There's no point explaining anything to him at this age in relation to unwanted behaviour such as hairpulling. He's doing it for attention, not in a deliberate way but just because he knows it always gets a reaction from you and he's almost compelled to try it again.. You need to stop him from doing it by physically removing his hand, preferably before he starts, very calmly and without reacting, just say "no hair pulling". If cleaning teeth hold his arms down with your other hand, if putting shoes on keep your head away, your arms are much longer than his, etc. You could also give him something to hold at those times if that would distract him.

I would also discuss with him at a calm time when he's in a good mood that you want him to not pull your hair all day today and praise him for not doing so. You may find he proudly says to you later "mummy I'm not pulling your hair today" (shortly before he then inevitably does, but at least it shows he's thinking about it!)

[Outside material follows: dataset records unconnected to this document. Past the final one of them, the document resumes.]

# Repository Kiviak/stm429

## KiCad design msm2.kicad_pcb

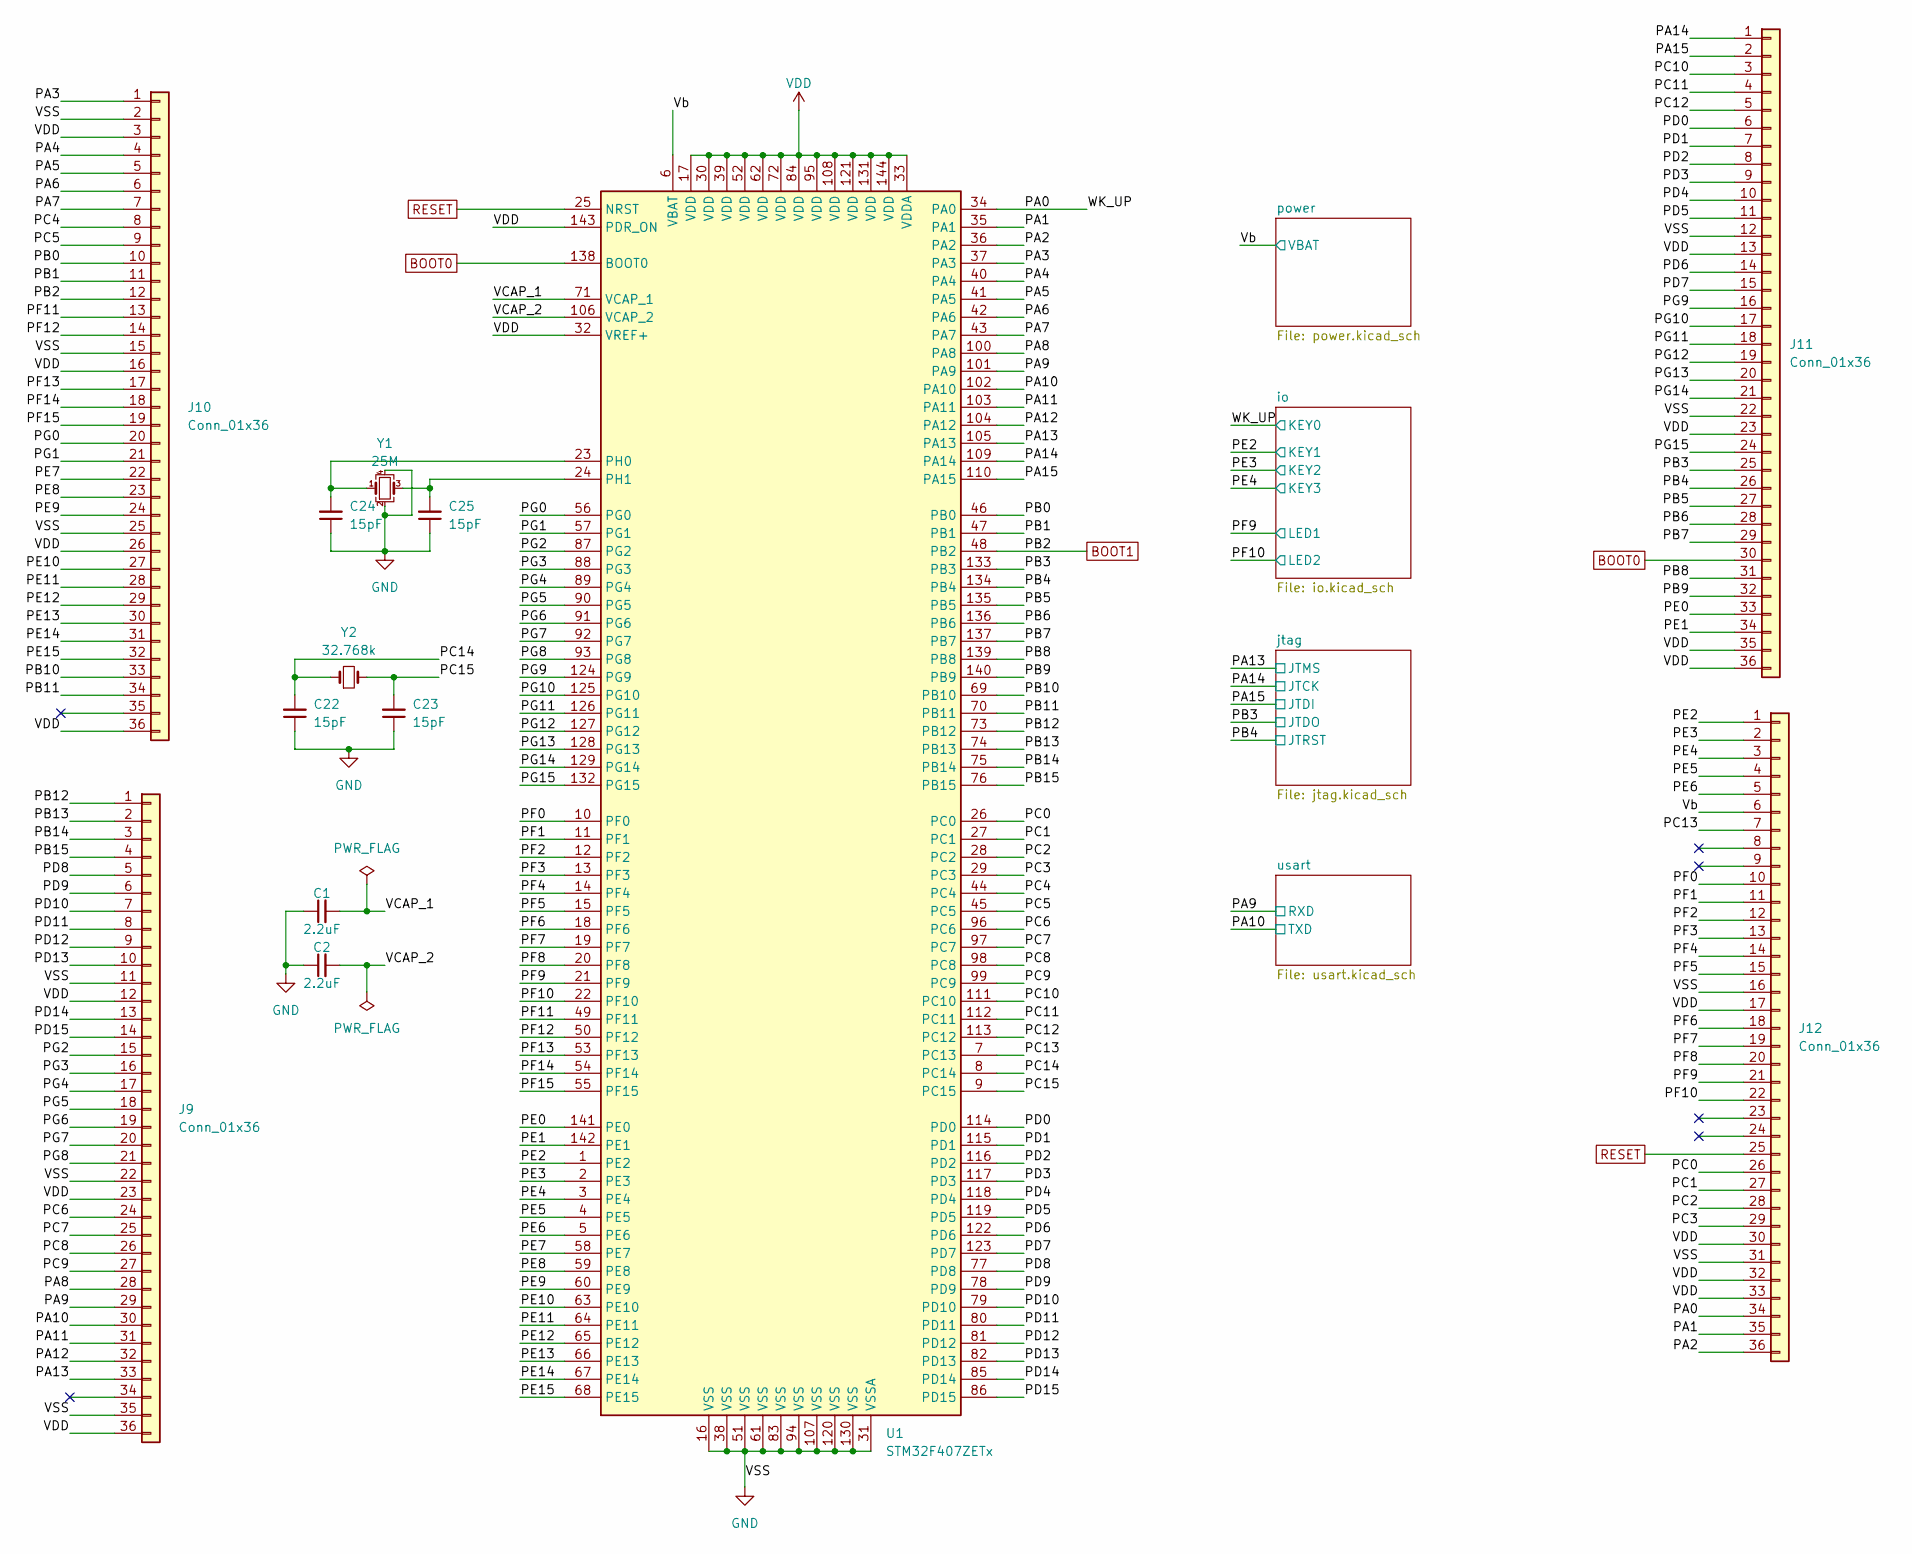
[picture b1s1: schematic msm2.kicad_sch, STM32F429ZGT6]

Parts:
C1, C2: 2.2uF; C_0603_1608Metric_Pad1.08x0.95mm_HandSolder
C22, C23, C24, C25: 15pF; C_0603_1608Metric_Pad1.08x0.95mm_HandSolder
J9, J10, J11, J12: Conn_01x36; PinHeader_1x36_P2.54mm_Vertical
U1: STM32F407ZETx; LQFP-144_20x20mm_P0.5mm
Y1: 25M; Crystal_SMD_3225-4Pin_3.2x2.5mm_HandSoldering
Y2: 32.768k; Crystal_SMD_3215-2Pin_3.2x1.5mm

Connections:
/PA0: J12.34, U1.34 (PA0); also elsewhere on the board
/PA1: J12.35, U1.35 (PA1)
/PA2: J12.36, U1.36 (PA2)
/PA3: J10.1, U1.37 (PA3)
/PA4: J10.4, U1.40 (PA4)
/PA5: J10.5, U1.41 (PA5)
/PA6: J10.6, U1.42 (PA6)
/PA7: J10.7, U1.43 (PA7)
/PA8: J9.28, U1.100 (PA8)
/PA9: J9.29, U1.101 (PA9); also elsewhere on the board
/PA10: J9.30, U1.102 (PA10); also elsewhere on the board
/PA11: J9.31, U1.103 (PA11)
/PA12: J9.32, U1.104 (PA12)
/PA13: J9.33, U1.105 (PA13); also elsewhere on the board
/PA14: J11.1, U1.109 (PA14); also elsewhere on the board
/PA15: J11.2, U1.110 (PA15); also elsewhere on the board
/PB0: J10.10, U1.46 (PB0)
/PB1: J10.11, U1.47 (PB1)
/PB3: J11.25, U1.133 (PB3); also elsewhere on the board
/PB4: J11.26, U1.134 (PB4); also elsewhere on the board
/PB5: J11.27, U1.135 (PB5)
/PB6: J11.28, U1.136 (PB6)
/PB7: J11.29, U1.137 (PB7)
/PB8: J11.31, U1.139 (PB8)
/PB9: J11.32, U1.140 (PB9)
/PB10: J10.33, U1.69 (PB10)
/PB11: J10.34, U1.70 (PB11)
/PB12: J9.1, U1.73 (PB12)
/PB13: J9.2, U1.74 (PB13)
/PB14: J9.3, U1.75 (PB14)
/PB15: J9.4, U1.76 (PB15)
/PC0: J12.26, U1.26 (PC0)
/PC1: J12.27, U1.27 (PC1)
/PC2: J12.28, U1.28 (PC2)
/PC3: J12.29, U1.29 (PC3)
/PC4: J10.8, U1.44 (PC4)
/PC5: J10.9, U1.45 (PC5)
/PC6: J9.24, U1.96 (PC6)
/PC7: J9.25, U1.97 (PC7)
/PC8: J9.26, U1.98 (PC8)
/PC9: J9.27, U1.99 (PC9)
/PC10: J11.3, U1.111 (PC10)
/PC11: J11.4, U1.112 (PC11)
/PC12: J11.5, U1.113 (PC12)
/PC13: J12.7, U1.7 (PC13)
/PC14: C22.2, U1.8 (PC14), Y2.1
/PC15: C23.2, U1.9 (PC15), Y2.2
/PD0: J11.6, U1.114 (PD0)
/PD1: J11.7, U1.115 (PD1)
/PD2: J11.8, U1.116 (PD2)
/PD3: J11.9, U1.117 (PD3)
/PD4: J11.10, U1.118 (PD4)
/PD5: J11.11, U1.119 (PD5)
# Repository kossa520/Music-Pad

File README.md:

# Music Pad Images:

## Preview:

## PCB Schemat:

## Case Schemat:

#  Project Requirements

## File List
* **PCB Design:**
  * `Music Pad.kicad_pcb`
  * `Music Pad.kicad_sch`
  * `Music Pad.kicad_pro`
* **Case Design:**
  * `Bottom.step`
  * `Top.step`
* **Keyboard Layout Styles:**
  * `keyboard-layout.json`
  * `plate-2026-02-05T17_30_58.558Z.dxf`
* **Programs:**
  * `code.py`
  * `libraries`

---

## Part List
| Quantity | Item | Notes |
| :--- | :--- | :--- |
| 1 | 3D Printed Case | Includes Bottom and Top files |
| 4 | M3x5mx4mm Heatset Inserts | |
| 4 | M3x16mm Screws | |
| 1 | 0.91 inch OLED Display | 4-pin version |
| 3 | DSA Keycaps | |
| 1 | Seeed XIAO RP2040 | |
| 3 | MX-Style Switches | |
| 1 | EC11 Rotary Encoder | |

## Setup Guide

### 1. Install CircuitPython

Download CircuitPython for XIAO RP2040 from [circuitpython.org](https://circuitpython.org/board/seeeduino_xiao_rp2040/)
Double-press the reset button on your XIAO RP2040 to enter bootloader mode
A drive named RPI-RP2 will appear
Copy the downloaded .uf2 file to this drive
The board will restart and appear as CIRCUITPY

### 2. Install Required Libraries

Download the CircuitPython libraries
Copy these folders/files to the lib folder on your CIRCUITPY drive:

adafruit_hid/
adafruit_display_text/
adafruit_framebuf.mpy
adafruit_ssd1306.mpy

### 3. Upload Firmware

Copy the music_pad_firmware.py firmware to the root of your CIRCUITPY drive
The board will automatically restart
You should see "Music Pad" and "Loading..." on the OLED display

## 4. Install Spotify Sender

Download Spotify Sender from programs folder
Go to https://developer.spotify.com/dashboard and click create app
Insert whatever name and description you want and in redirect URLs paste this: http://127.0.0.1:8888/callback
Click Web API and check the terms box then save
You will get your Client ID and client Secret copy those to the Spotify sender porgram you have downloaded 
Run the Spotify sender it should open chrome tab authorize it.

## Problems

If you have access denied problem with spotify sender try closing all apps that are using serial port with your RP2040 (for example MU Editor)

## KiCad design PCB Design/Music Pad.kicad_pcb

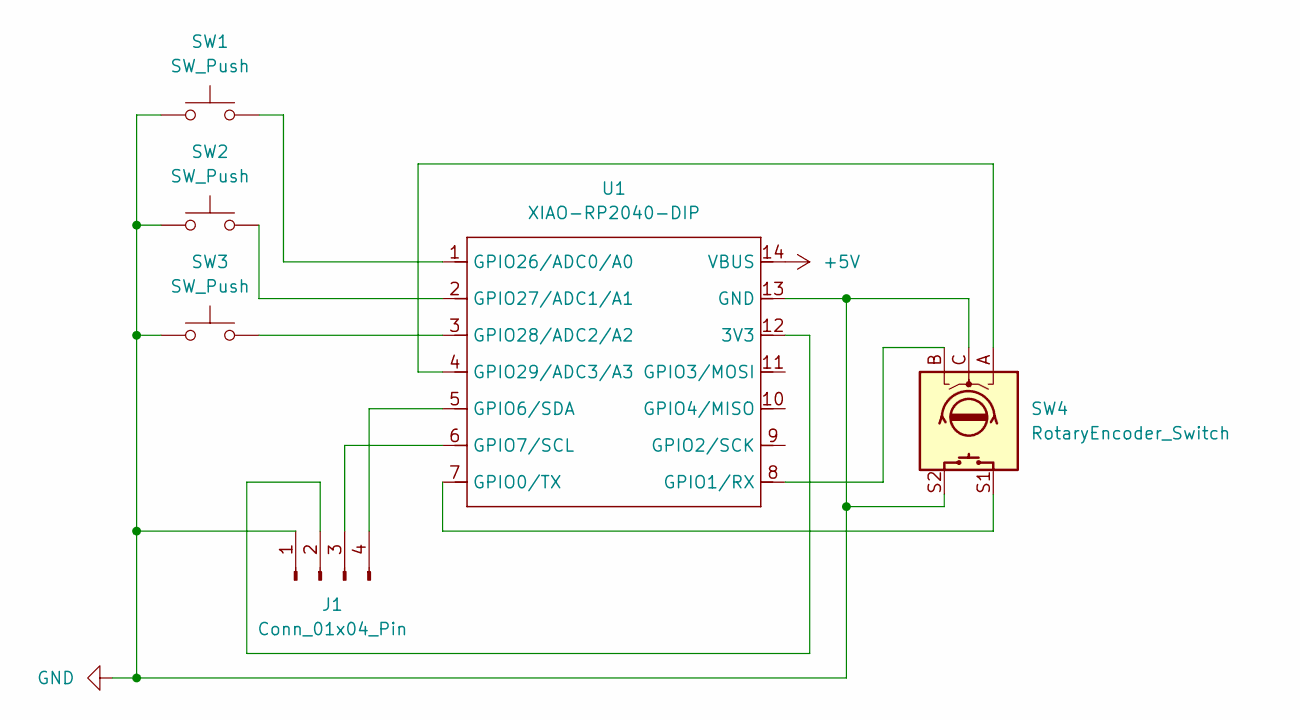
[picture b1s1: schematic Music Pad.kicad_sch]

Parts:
J1: Conn_01x04_Pin; SSD1306-0.91-OLED-4pin-128x32
SW1, SW2, SW3: SW_Push; SW_Cherry_MX_1.00u_PCB
SW4: RotaryEncoder_Switch; RotaryEncoder_Alps_EC11E-Switch_Vertical_H20mm
U1: XIAO-RP2040-DIP

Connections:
+5V: U1.14 (VBUS)
GND: J1.1, SW1.1, SW2.1, SW3.1, SW4.C, SW4.S2, U1.13 (GND)
unnamed: J1.2, U1.12 (3V3)
unnamed: J1.3, U1.6 (GPIO7/SCL)
unnamed: J1.4, U1.5 (GPIO6/SDA)
unnamed: SW4.S1, U1.7 (GPIO0/TX)
unnamed: SW4.B, U1.8 (GPIO1/RX)
unnamed: SW1.2, U1.1 (GPIO26/ADC0/A0)
unnamed: SW2.2, U1.2 (GPIO27/ADC1/A1)
unnamed: SW3.2, U1.3 (GPIO28/ADC2/A2)
unnamed: SW4.A, U1.4 (GPIO29/ADC3/A3)

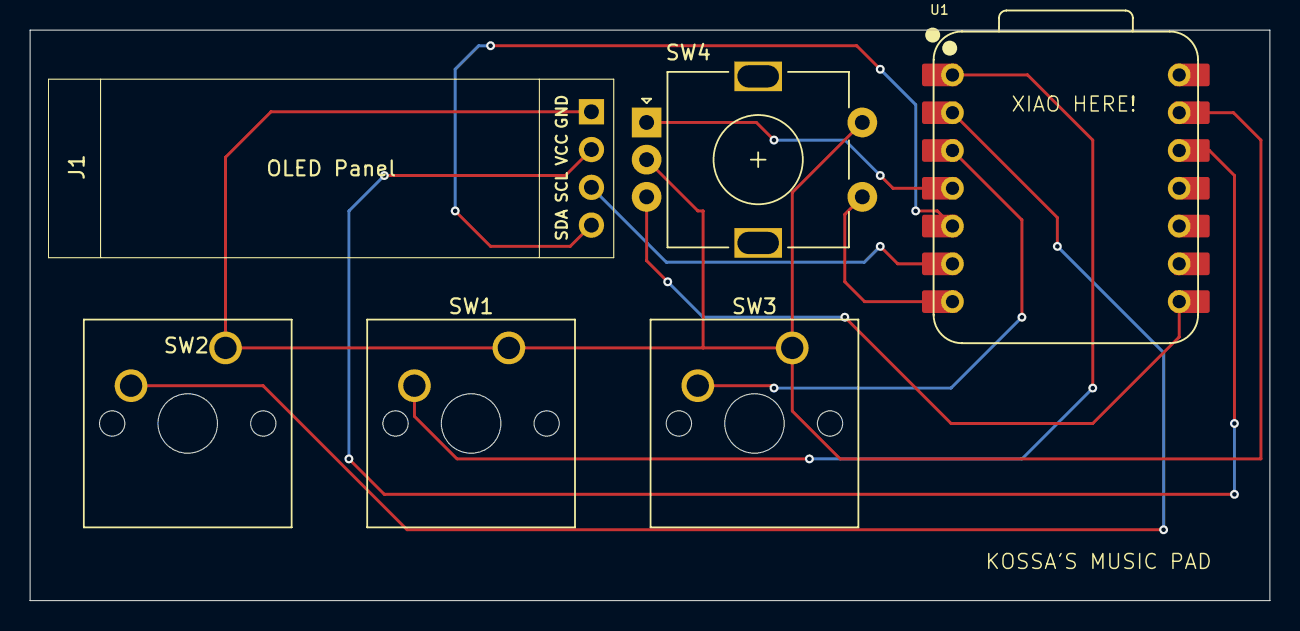
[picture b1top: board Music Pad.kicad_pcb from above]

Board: 2 copper layers, 83.3 x 38.3 mm, 6 parts (0 on the bottom side), 10 nets.

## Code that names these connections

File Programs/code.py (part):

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serial = usb_cdc.data

# Configure GPIO pins for switches
switch1_pin = board.D0  # GPIO26 - Play/Pause
switch2_pin = board.D1  # GPIO27 - Previous Track
switch3_pin = board.D2  # GPIO28 - Next Track

# Setup switches with pull-up resistors
switch1 = digitalio.DigitalInOut(switch1_pin)
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switch3.pull = digitalio.Pull.UP

# Setup rotary encoder with manual reading
encoder_a = digitalio.DigitalInOut(board.D3)  # GPIO29
encoder_a.direction = digitalio.Direction.INPUT
encoder_a.pull = digitalio.Pull.UP

encoder_b = digitalio.DigitalInOut(board.D7)  # GPIO1/RX
encoder_b.direction = digitalio.Direction.INPUT
encoder_b.pull = digitalio.Pull.UP

# Setup encoder button
encoder_btn_pin = board.D6  # GPIO0 - Encoder button
encoder_btn = digitalio.DigitalInOut(encoder_btn_pin)
encoder_btn.direction = digitalio.Direction.INPUT
encoder_btn.pull = digitalio.Pull.UP
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
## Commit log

2026-01-06 Update README.md
    added preview image
2026-01-06 added preview file
2026-01-06 Create folder
2026-01-06 moved file to folder
2026-01-06 Update and rename folderfile to a
2026-02-07 Create a
2026-02-18 Rename Spotify_sender.py to Spotify_sender.pyw

In terms of tantrums it's so hard when they are tired. I think it's a case of avoiding triggers as much as possible, so moving mealtimes earlier so they eat before they get too hungry/tired, don't bother with baths or changes of clothes unless it's desperate, even teeth cleaning I wouldn't force if they are really protesting. Literally just a clean nappy and 1 story and into bed. If they are tantrumming it's an expression of their feelings, if it's a result of being tired then into bed asap is probably the best response, otherwise if tantrum is a result of not being allowed to do something/have something I would generally leave him to it, periodically offering a cuddle.. I don't think there's a magic answer and I'm sure things will improve with time. I suggest Janet Lansbury for some easy reading on managing difficult behaviours. There are free articles on her webpage.